● Exercise description: Exactly as written, print out each entry in the data, with no pictures.

[Items listed in a dataset]

+ + + +

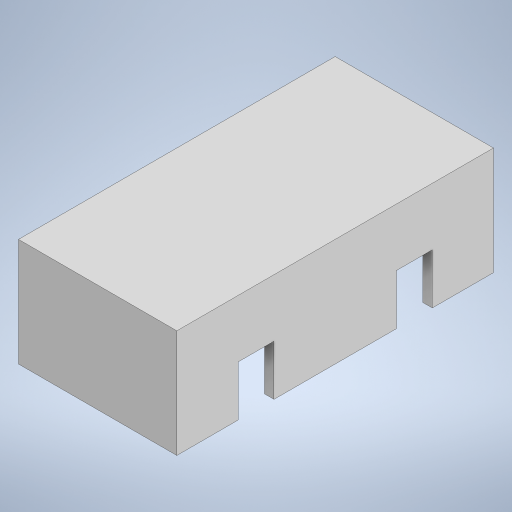
# Autodesk Inventor part: Suporte Eletroimã
Saved by Autodesk Inventor 2023 (Build 270158000, 158)
## iProperties
Created: 2023-03-07
Part Number: Suporte Eletroimã
Material: Genérico
Document SubType Name: Modeling
Designer: Inteli
Density: 1 g/cm^3
Appearance: Padrão
Author: Inteli
Autodesk Inventor part; units mm, degrees
ref_plane "YZ Plane" through (0, 0, 0) normal (1, 0, 0) x (0, 1, 0)
ref_plane "XZ Plane" through (0, 0, 0) normal (0, 1, 0) x (-1, 0, 0)
ref_plane "XY Plane" through (0, 0, 0) normal (0, 0, 1) x (1, 0, 0)
sketch "Esboço1" plane through (0, 0, 0) normal (0, 1, 0) x (-1, 0, 0)
  circle A0 centre (0, 11) radius 10
  circle A1 centre (0, -11) radius 10
  line L0 (9, 2) -> (-9, 2)
  line L1 (-9, -2) -> (9, -2)
  line L2 (9, 20) -> (-9, 20)
  line L3 (-9, -20) -> (9, -20)
  line L4 (11, 22) -> (-11, 22)
  line L5 (-11, 22) -> (-11, -22)
  line L6 (-11, -22) -> (11, -22)
  line L7 (11, -22) -> (11, 22)
  line L8 (9, -20) -> (9, -2)
  line L9 (9, 2) -> (9, 20)
  line L10 (-9, 20) -> (-9, 2)
  line L11 (-9, -2) -> (-9, -20)
  point P0 (0, 0)
  point P1 (0, 0)
  point P2 (-9, 6.6411)
  point P3 (-9, 15.3589)
  point P4 (-4.3589, 20)
  point P5 (4.3589, 20)
  point P6 (9, 15.3589)
  point P7 (9, 6.6411)
  point P8 (4.3589, 2)
  point P9 (-4.3589, 2)
  point P10 (-9, -6.6411)
  point P11 (-4.3589, -2)
  point P12 (4.3589, -2)
  point P13 (9, -6.6411)
  point P14 (9, -15.3589)
  point P15 (4.3589, -20)
  point P16 (-4.3589, -20)
  point P17 (-9, -15.3589)
  dimension "d15" = 22
  dimension "d16" = 40
  dimension "d17" = 18
  dimension "d18" = 22
  dimension "d19" = 44
  constraints: 24 end point, 8 parallel, 3 horizontal, 3 perpendicular, 2 centre point, 1 coincident
  measures "d15" distance of A1.centre point (0, 11)
  measures "d16" distance of L3.start L2.end
  measures "d17" distance of L3.start L3.end
  measures "d18" distance of L6.end L5.end
  measures "d19" distance of L5.end L4.end
extrude "Base Principal dos Imãs" add sketch "Esboço1" along normal blind 13
sketch "Esboço2" plane through (11, 0, 22) normal (1, 0, 0) x (0, 0, -1)
  line L0 (13.5, 7) -> (13.5, 0)
  line L1 (8.5, 7) -> (8.5, 0)
  line L2 (30.5, 7) -> (30.5, 0)
  line L3 (35.5, 7) -> (35.5, 0)
  line L4 (8.5, 7) -> (13.5, 7)
  line L5 (30.5, 7) -> (35.5, 7)
  line L6 (8.5, 0) -> (13.5, 0)
  line L7 (6.6411, 0) -> (15.3589, 0) projected
  line L8 (30.5, 0) -> (35.5, 0)
  point P0 (22, 0)
  constraints: 16 end point, 2 perpendicular, 2 point on line, 1 collinear
extrude "Rasgo Fios Imãs" cut sketch "Esboço2" against normal up to surface (2 mm away)
sketch "Esboço3" plane through (0, 13, 0) normal (0, 1, 0) x (1, 0, 0)
  line L0 (11, -22) -> (11, 22) projected
  line L1 (-11, -22) -> (11, -22)
  line L2 (11, -22) -> (11, 22)
  line L3 (11, 22) -> (-11, 22)
  line L4 (-11, 22) -> (-11, -22)
  line L5 (-11, -22) -> (11, 22) construction
  line L6 (11, -22) -> (-11, 22) construction
  point P0 (0, 0)
  constraints: 12 end point, 2 midpoint, 2 parallel, 1 horizontal, 1 perpendicular
extrude "Extrusão3" add sketch "Esboço3" along normal blind 2

+ + + +

● Answer to the problem:
# Autodesk Inventor part: Suporte Eletroimã
Saved by Autodesk Inventor 2023 (Build 270158000, 158)
## iProperties
Created: 2023-03-07
Part Number: Suporte Eletroimã
Material: Genérico
Document SubType Name: Modeling
Designer: Inteli
Density: 1 g/cm^3
Appearance: Padrão
Author: Inteli
Autodesk Inventor part; units mm, degrees
ref_plane "YZ Plane" through (0, 0, 0) normal (1, 0, 0) x (0, 1, 0)
ref_plane "XZ Plane" through (0, 0, 0) normal (0, 1, 0) x (-1, 0, 0)
ref_plane "XY Plane" through (0, 0, 0) normal (0, 0, 1) x (1, 0, 0)
sketch "Esboço1" plane through (0, 0, 0) normal (0, 1, 0) x (-1, 0, 0)
  circle A0 centre (0, 11) radius 10
  circle A1 centre (0, -11) radius 10
  line L0 (9, 2) -> (-9, 2)
  line L1 (-9, -2) -> (9, -2)
  line L2 (9, 20) -> (-9, 20)
  line L3 (-9, -20) -> (9, -20)
  line L4 (11, 22) -> (-11, 22)
  line L5 (-11, 22) -> (-11, -22)
  line L6 (-11, -22) -> (11, -22)
  line L7 (11, -22) -> (11, 22)
  line L8 (9, -20) -> (9, -2)
  line L9 (9, 2) -> (9, 20)
  line L10 (-9, 20) -> (-9, 2)
  line L11 (-9, -2) -> (-9, -20)
  point P0 (0, 0)
  point P1 (0, 0)
  point P2 (-9, 6.6411)
  point P3 (-9, 15.3589)
  point P4 (-4.3589, 20)
  point P5 (4.3589, 20)
  point P6 (9, 15.3589)
  point P7 (9, 6.6411)
  point P8 (4.3589, 2)
  point P9 (-4.3589, 2)
  point P10 (-9, -6.6411)
  point P11 (-4.3589, -2)
  point P12 (4.3589, -2)
  point P13 (9, -6.6411)
  point P14 (9, -15.3589)
  point P15 (4.3589, -20)
  point P16 (-4.3589, -20)
  point P17 (-9, -15.3589)
  dimension "d15" = 22
  dimension "d16" = 40
  dimension "d17" = 18
  dimension "d18" = 22
  dimension "d19" = 44
  constraints: 24 end point, 8 parallel, 3 horizontal, 3 perpendicular, 2 centre point, 1 coincident
  measures "d15" distance of A1.centre point (0, 11)
  measures "d16" distance of L3.start L2.end
  measures "d17" distance of L3.start L3.end
  measures "d18" distance of L6.end L5.end
  measures "d19" distance of L5.end L4.end
extrude "Base Principal dos Imãs" add sketch "Esboço1" along normal blind 13
sketch "Esboço2" plane through (11, 0, 22) normal (1, 0, 0) x (0, 0, -1)
  line L0 (13.5, 7) -> (13.5, 0)
  line L1 (8.5, 7) -> (8.5, 0)
  line L2 (30.5, 7) -> (30.5, 0)
  line L3 (35.5, 7) -> (35.5, 0)
  line L4 (8.5, 7) -> (13.5, 7)
  line L5 (30.5, 7) -> (35.5, 7)
  line L6 (8.5, 0) -> (13.5, 0)
  line L7 (6.6411, 0) -> (15.3589, 0) projected
  line L8 (30.5, 0) -> (35.5, 0)
  point P0 (22, 0)
  constraints: 16 end point, 2 perpendicular, 2 point on line, 1 collinear
extrude "Rasgo Fios Imãs" cut sketch "Esboço2" against normal up to surface (2 mm away)
sketch "Esboço3" plane through (0, 13, 0) normal (0, 1, 0) x (1, 0, 0)
  line L0 (11, -22) -> (11, 22) projected
  line L1 (-11, -22) -> (11, -22)
  line L2 (11, -22) -> (11, 22)
  line L3 (11, 22) -> (-11, 22)
  line L4 (-11, 22) -> (-11, -22)
  line L5 (-11, -22) -> (11, 22) construction
  line L6 (11, -22) -> (-11, 22) construction
  point P0 (0, 0)
  constraints: 12 end point, 2 midpoint, 2 parallel, 1 horizontal, 1 perpendicular
extrude "Extrusão3" add sketch "Esboço3" along normal blind 2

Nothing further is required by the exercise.